# Is this an Eureka Peacock?



## Witblitz (Nov 7, 2013)

I think it is? The reason I'm asking is when I got this fish about a month ago it was *PITCH BLACK* 

Since then it lost a lot of its darkness and is slowly turning more silver with the banding becoming more pronounced, with a faint orange line at the top forming. It's only about 2 inches at this time and I'm also wondering if its male or female.

Any input appreciated, thx.


----------



## ILCichlid (Feb 27, 2012)

So many color variations of peacocks that it would be tough to say 100% at this point.


----------



## cichliddoc (Oct 15, 2013)

It will be awhile before we can tell type, but if I was predict , I would say German red female. That being said I a beautiful male otter point that looked just like that, no orange stripe on tho.


----------



## noki (Jun 13, 2003)

The fish probably was hormoned which is why it has such a weird color change. A juvenile would never be pitch black normally, but hormoned fish often turn dark as the artificial color wears off.

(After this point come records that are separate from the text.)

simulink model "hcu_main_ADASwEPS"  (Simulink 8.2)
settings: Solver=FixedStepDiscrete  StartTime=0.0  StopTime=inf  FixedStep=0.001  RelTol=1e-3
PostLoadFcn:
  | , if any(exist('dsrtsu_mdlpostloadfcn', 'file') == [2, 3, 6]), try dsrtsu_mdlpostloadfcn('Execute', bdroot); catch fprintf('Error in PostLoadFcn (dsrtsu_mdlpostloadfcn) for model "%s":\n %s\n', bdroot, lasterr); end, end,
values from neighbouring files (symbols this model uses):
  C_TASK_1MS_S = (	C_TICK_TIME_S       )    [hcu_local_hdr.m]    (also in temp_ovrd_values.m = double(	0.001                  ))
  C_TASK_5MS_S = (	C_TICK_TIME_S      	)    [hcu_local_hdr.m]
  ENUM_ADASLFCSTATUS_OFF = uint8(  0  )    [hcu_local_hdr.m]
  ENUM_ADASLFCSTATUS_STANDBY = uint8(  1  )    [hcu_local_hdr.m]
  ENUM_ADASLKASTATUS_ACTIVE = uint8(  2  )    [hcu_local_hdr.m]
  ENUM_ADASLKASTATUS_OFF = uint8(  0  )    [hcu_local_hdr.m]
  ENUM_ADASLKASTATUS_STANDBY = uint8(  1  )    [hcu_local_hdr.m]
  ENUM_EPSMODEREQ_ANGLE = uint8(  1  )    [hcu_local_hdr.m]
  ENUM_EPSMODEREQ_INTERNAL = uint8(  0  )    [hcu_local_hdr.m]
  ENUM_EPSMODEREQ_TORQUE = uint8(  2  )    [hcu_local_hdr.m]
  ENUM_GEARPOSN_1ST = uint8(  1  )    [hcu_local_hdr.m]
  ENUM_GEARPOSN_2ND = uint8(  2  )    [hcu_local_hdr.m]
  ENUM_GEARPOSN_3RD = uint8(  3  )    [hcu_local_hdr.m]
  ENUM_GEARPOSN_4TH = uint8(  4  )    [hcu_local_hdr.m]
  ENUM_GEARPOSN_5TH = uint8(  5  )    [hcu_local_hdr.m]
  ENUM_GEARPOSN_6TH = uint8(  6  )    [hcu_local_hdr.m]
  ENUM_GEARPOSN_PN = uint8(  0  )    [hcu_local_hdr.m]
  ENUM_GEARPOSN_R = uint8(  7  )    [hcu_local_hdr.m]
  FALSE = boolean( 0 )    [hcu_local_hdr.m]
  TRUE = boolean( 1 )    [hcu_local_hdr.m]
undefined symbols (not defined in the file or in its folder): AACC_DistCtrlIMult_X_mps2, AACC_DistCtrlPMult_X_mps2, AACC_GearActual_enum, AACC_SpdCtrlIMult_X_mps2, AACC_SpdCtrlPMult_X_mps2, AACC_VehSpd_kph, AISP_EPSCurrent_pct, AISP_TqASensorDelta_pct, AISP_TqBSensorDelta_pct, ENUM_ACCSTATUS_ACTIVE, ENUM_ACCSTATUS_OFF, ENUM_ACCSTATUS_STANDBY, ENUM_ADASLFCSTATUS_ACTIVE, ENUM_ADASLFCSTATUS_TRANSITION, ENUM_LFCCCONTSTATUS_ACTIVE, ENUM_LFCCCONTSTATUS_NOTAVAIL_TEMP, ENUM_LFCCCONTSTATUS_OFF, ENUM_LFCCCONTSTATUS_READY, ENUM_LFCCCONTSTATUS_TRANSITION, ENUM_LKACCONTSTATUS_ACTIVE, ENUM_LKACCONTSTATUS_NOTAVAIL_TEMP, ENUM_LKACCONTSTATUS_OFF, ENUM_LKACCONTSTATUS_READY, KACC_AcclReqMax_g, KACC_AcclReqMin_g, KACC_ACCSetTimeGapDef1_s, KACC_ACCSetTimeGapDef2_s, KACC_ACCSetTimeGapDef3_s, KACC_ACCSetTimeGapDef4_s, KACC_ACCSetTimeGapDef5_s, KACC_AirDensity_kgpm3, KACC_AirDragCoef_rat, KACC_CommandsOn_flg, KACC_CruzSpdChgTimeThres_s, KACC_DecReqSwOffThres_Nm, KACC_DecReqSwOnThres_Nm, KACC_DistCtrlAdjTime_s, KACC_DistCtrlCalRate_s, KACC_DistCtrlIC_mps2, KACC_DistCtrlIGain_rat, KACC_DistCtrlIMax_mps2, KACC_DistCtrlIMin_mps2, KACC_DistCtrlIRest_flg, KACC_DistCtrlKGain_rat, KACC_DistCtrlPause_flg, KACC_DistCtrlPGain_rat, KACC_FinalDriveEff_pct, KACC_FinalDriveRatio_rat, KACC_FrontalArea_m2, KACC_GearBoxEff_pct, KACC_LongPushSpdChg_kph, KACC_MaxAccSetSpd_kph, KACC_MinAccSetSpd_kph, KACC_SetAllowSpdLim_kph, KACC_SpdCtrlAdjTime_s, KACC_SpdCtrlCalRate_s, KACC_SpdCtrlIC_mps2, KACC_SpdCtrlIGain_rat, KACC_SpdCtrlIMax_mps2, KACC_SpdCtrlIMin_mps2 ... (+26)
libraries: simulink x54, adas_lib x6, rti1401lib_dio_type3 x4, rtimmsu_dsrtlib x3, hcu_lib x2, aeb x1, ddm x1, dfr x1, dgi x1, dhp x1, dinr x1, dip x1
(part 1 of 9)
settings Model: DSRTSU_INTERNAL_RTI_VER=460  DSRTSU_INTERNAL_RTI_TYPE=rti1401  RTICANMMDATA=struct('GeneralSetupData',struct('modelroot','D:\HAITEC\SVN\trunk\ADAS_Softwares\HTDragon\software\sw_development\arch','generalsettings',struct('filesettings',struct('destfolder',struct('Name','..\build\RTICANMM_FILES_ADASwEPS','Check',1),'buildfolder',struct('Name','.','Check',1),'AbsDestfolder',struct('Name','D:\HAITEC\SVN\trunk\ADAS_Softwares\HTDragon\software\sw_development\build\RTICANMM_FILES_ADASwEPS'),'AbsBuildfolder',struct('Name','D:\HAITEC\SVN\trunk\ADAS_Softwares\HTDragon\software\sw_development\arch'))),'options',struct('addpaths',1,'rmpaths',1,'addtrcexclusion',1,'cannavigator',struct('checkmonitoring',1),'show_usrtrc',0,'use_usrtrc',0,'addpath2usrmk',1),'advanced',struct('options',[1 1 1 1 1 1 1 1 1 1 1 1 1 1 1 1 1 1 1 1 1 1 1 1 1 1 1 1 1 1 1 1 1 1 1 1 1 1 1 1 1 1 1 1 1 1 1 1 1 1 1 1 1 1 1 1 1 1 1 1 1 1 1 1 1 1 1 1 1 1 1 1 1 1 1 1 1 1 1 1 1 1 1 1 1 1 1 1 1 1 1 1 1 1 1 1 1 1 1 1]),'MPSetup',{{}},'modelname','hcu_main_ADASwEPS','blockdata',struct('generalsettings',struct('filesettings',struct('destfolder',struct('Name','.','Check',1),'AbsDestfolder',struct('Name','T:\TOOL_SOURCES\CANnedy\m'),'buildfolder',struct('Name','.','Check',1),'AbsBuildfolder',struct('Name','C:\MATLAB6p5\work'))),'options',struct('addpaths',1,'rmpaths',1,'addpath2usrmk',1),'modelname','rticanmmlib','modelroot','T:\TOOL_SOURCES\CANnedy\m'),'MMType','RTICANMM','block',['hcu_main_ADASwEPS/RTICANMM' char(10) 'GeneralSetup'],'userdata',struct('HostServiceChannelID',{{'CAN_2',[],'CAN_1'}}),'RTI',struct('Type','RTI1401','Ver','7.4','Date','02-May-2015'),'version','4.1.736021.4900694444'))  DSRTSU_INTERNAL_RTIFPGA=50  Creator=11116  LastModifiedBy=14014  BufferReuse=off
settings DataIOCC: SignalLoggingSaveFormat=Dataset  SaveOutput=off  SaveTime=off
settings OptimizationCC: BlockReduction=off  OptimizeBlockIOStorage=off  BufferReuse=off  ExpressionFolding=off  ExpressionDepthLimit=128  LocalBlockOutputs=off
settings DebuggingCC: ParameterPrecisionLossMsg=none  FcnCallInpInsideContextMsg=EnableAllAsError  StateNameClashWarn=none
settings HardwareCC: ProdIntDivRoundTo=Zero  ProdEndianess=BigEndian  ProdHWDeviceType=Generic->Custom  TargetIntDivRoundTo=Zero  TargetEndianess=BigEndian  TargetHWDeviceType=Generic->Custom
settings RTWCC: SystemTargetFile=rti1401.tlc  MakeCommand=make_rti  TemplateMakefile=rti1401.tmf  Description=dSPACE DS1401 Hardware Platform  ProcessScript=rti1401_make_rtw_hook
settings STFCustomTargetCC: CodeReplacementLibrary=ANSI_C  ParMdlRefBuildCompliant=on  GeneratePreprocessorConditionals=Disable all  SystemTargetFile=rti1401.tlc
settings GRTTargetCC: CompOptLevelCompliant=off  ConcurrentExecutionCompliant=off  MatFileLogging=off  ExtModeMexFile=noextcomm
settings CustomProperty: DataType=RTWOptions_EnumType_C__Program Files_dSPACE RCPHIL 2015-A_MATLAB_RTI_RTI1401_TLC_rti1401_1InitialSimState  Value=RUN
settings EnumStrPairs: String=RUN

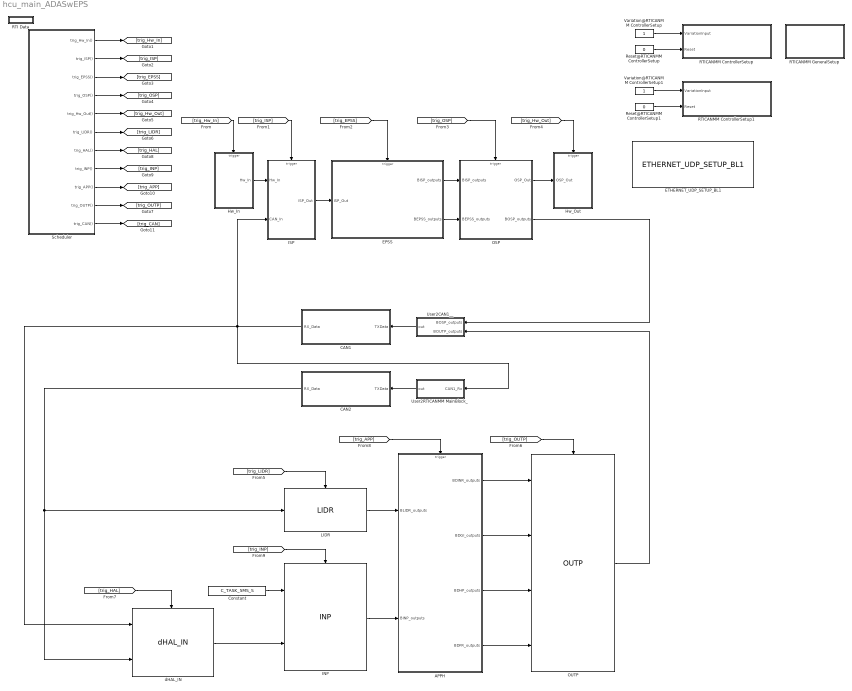
== system hcu_main_ADASwEPS ==
  APPH : Subsystem
      settings: RTWSystemCode=Nonreusable function  RTWFcnNameOpts=Use subsystem name  RTWFileNameOpts=Use subsystem name
  CAN1 : Subsystem  InitFcn=rticanmm_blockfcn('InitFcn', 'CANnedy', gcb)  ClipboardFcn=rticanmm_blockfcn('ClipboardFcn', 'CANnedy', gcb)  mask(RTICANMM){DSProperties=struct('RTI',struct('Version',uint32(1),'BlockType',struct('isSLSource',uint8(1),'isSLSink',uint8(1),'isHWSource',uint8(0),'isHWSink',uint8(0),'isSetup',uint8(0),'isInline',uint8(1),'isNonInline',uint8(0),'isInterrupt',uint8(0),'isChannelwise',uint8(0)),'IOBoardType','RTICANMM','UnitType','RTICANMM','Identifier','Mainblock','DialogType','SL','BlockSet','RTICANMM','SlaveProcessor','CAN')), CANMMProperties=struct('RTICANMMVersion','4.1','RTICANMMVersionIntern','4.1.736021.4900694444','RTICANMMDate','02-May-2015','Settings','RTICANMM_MAIN_CAN_1','UserTracePath','','ModelPath','D:\HAITEC\SVN\trunk\ADAS_Softwares\HTDragon\software\sw_development\arch','filesettings',struct('FileName','..\..\..\..\CAN\ADAS_CAN1_Mule1_BSGEMS_MVCU_MEPS_20160121_db.dbc','IsRelative',1,'ClusterId',1,'ClusterList',{{'default'}},'destfolder',struct('Name','..\build\RTICANMM_FILES_ADASwEPS','Check',1),'buildfolder',struct('Name','.','Check',1),'onlyfreerawcapture',0,'overlapping2variant',0,'canfdsupport',0,'shortestJ2container',1),'onlyfreerawcapture',0,'Board',['CAN Type 1'],'BoardNum','1','ChannelNum','1','Variation','1','SetupId','CAN_1','MARK',['87FB4930AEF4A7AAC589F26C78E4F4';'72FEF8353FB46D1087126C7939F170';'8EAD2A2CD2FE1AE61023D4FA11BE9C';'5611A927C2EC9CAF50988DCF8D639B';'13F55C241594A2B2B8AC667E2018BB'],'date','23-Jan-2016','clock',['23.01.2016 09:32:58'],'recreate',0,'RTIVER','RTI1401','j1939',0,'TRC',struct('include',1),'rtsupport',struct('XMLFile','D:\HAITEC\SVN\trunk\ADAS_Softwares\HTDragon\software\sw_development\build\RTICANMM_FILES_ADASwEPS\RTICANMM_MAIN_CAN_1.xml','DBCXML',struct('Path','D:\HAITEC\SVN\trunk\ADAS_Softwares\HTDragon\software\sw_development\build\RTICANMM_FILES_ADASwEPS\RTICANMM_MAIN_CAN_1_dbc.xml','support',1,'Name','ADAS_CAN1_Mule1_BSGEMS_MVCU_MEPS_20160121_db.dbc','Date',['22-一月-2016 09:11:58'],'Type','standard','DBCSupport','ON'))), CANMMType=CANnedy, CANMMUserTraceMerged=off, CANMMUserTracePath=, CANMMChannelNum=1, CANMMBoardNum=1, CANMMDestFolder=..\build\RTICANMM_FILES_ADASwEPS, CANMMFolder=., CANMMSetupId=CAN_1, CANMMsave2mat=['87FB4930AEF4A7AAC589F26C78E4F4';'72FEF8353FB46D1087126C7939F170';'8EAD2A2CD2FE1AE61023D4FA11BE9C';'5611A927C2EC9CAF50988DCF8D639B';'13F55C241594A2B2B8AC667E2018BB'], CANMMName=CAN_1, CANMMSettings=RTICANMM_MAIN_CAN_1, CANMMIntermediateTag=RTICANMM_MAIN_CAN_1_intermediate, CANMMsfcnname=RTICANMM_MAIN_CAN_1}
      mask init:
      | rticanmm_initfcn(gcb, CANMMType, CANMMsfcnname)
      settings: AttributesFormatString=CAN_1[CAN_1]: DS1401_B1_C1_V1  CopyFcn=rticanmm_blockfcn('CopyFcn', 'CANnedy', gcb)  DeleteFcn=rticanmm_blockfcn('DeleteFcn', 'CANnedy', gcb)  ModelCloseFcn=rticanmm_blockfcn('ModelCloseFcn', 'CANnedy', gcb)  NameChangeFcn=rticanmm_blockfcn('NameChangeFcn', 'CANnedy', gcb)  OpenFcn=try, rticanmm_main_gui('create',gcb); ; catch,errordlg({lasterr, '','Please check your RTI installation.'},['Error: ' upper(bdroot)], 'replace'); end  MoveFcn=rticanmm_blockfcn('MoveFcn', 'CANnedy', gcb)
      mask Help: eval('rticanmm_quickstart(''create'', gcb);', 'disp(lasterr);')
      mask Display:
      | disp(sprintf('RTI CAN\nMultiMessage\nMainSetup'))
      | port_label('input', 1, 'TX Data')
      | port_label('output', 1, 'RX Data')
  CAN2 : Subsystem  InitFcn=rticanmm_blockfcn('InitFcn', 'CANnedy', gcb)  ClipboardFcn=rticanmm_blockfcn('ClipboardFcn', 'CANnedy', gcb)  mask(RTICANMM){DSProperties=struct('RTI',struct('Version',uint32(1),'BlockType',struct('isSLSource',uint8(1),'isSLSink',uint8(1),'isHWSource',uint8(0),'isHWSink',uint8(0),'isSetup',uint8(0),'isInline',uint8(1),'isNonInline',uint8(0),'isInterrupt',uint8(0),'isChannelwise',uint8(0)),'IOBoardType','RTICANMM','UnitType','RTICANMM','Identifier','Mainblock','DialogType','SL','BlockSet','RTICANMM','SlaveProcessor','CAN')), CANMMProperties=struct('RTICANMMVersion','4.1','RTICANMMVersionIntern','4.1.736021.4900694444','RTICANMMDate','02-May-2015','Settings','RTICANMM_MAIN_CAN_2','UserTracePath','','ModelPath','D:\HAITEC\SVN\trunk\ADAS_Softwares\HTDragon\software\sw_development\arch','filesettings',struct('FileName','..\..\..\..\CAN\IDIADA_CAN2_Chimo.dbc','IsRelative',1,'ClusterId',1,'ClusterList',{{'default'}},'destfolder',struct('Name','..\build\RTICANMM_FILES_ADASwEPS','Check',1),'buildfolder',struct('Name','.','Check',1),'onlyfreerawcapture',0,'overlapping2variant',0,'canfdsupport',0,'shortestJ2container',1),'onlyfreerawcapture',0,'Board',['CAN Type 1'],'BoardNum','1','ChannelNum','2','Variation','1','SetupId','CAN_2','MARK',['4E53C812CB570F3DF79E35A61EC1B4';'A1237348498B5F46CB73D5EF117ED2';'77465375665041D5559DC8396B874D';'03CE9519A3063C2C69A49AF64F1FBA';'05E25404A442834EF54FA0177E6CB6'],'date','23-Jan-2016','clock',['23.01.2016 09:38:04'],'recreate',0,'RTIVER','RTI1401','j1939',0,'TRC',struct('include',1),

Do not see any any indication of being male or being a Jacobfreibergi. To guess, just looks like a unnatural common Red type, could be female. The hormones sometimes screw up the fish alot.


----------



## chopsteeks (Jul 23, 2013)

Looks like a female.


----------



## upo4ka (Dec 7, 2013)

hello there
who did it turn out to be?
I'm very curious b/c recently I bought 2 at petsmart also LABELED as jacobifreibergi
Mine are diff shades : 1 is lighter and more orange all over,2 has darker khaki-green fins that have some sheen to them..and a few dots too.
the 2nd one looks like yours


----------



## cichliddoc (Oct 15, 2013)

A lot of mixed peacocks at the chain stores. From what I've seen they are mostly female, so if those stores are your thing, remember at 2"+ males will show a little color just look close and good luck. I've seen nice fish there a time or two.


----------



## rennsport2011 (Oct 21, 2013)

It isn't a Eureka, or any other jacobfreibergi variant, they would have a mostly red anal fin at this age.


----------



## upo4ka (Dec 7, 2013)

the lighter fish became very light, skin colored w/light brown strips and red anal fin. She is almost transparent in color and plain,so should be a female.
the darker fish became green-khaki-colored w/egg spots on fins and a white line on the top of dorsal. He grew noticeably. He ate guppy fry that I was given on Wed. He is lightning fast. Today bright blue is showing right under the gills, not much, but it's good. I'm praying he gets that blue color, he'd be very beautiful.
These 2 looked identical 6 days ago when I bought them. Are they the same type? the dark one chases the light one quite often, dorsal fins standing up, in circles,around plants,columns,caves. It's different from territorial chase that I see with another fish. He only chases her. He just does the short darts w/other fish.
I'm not sure how to buy fish anymore,unless I can see the parents -like dogs. I'd want to know who am I getting, so they will live well together. 
So with your fish, wait and see.


----------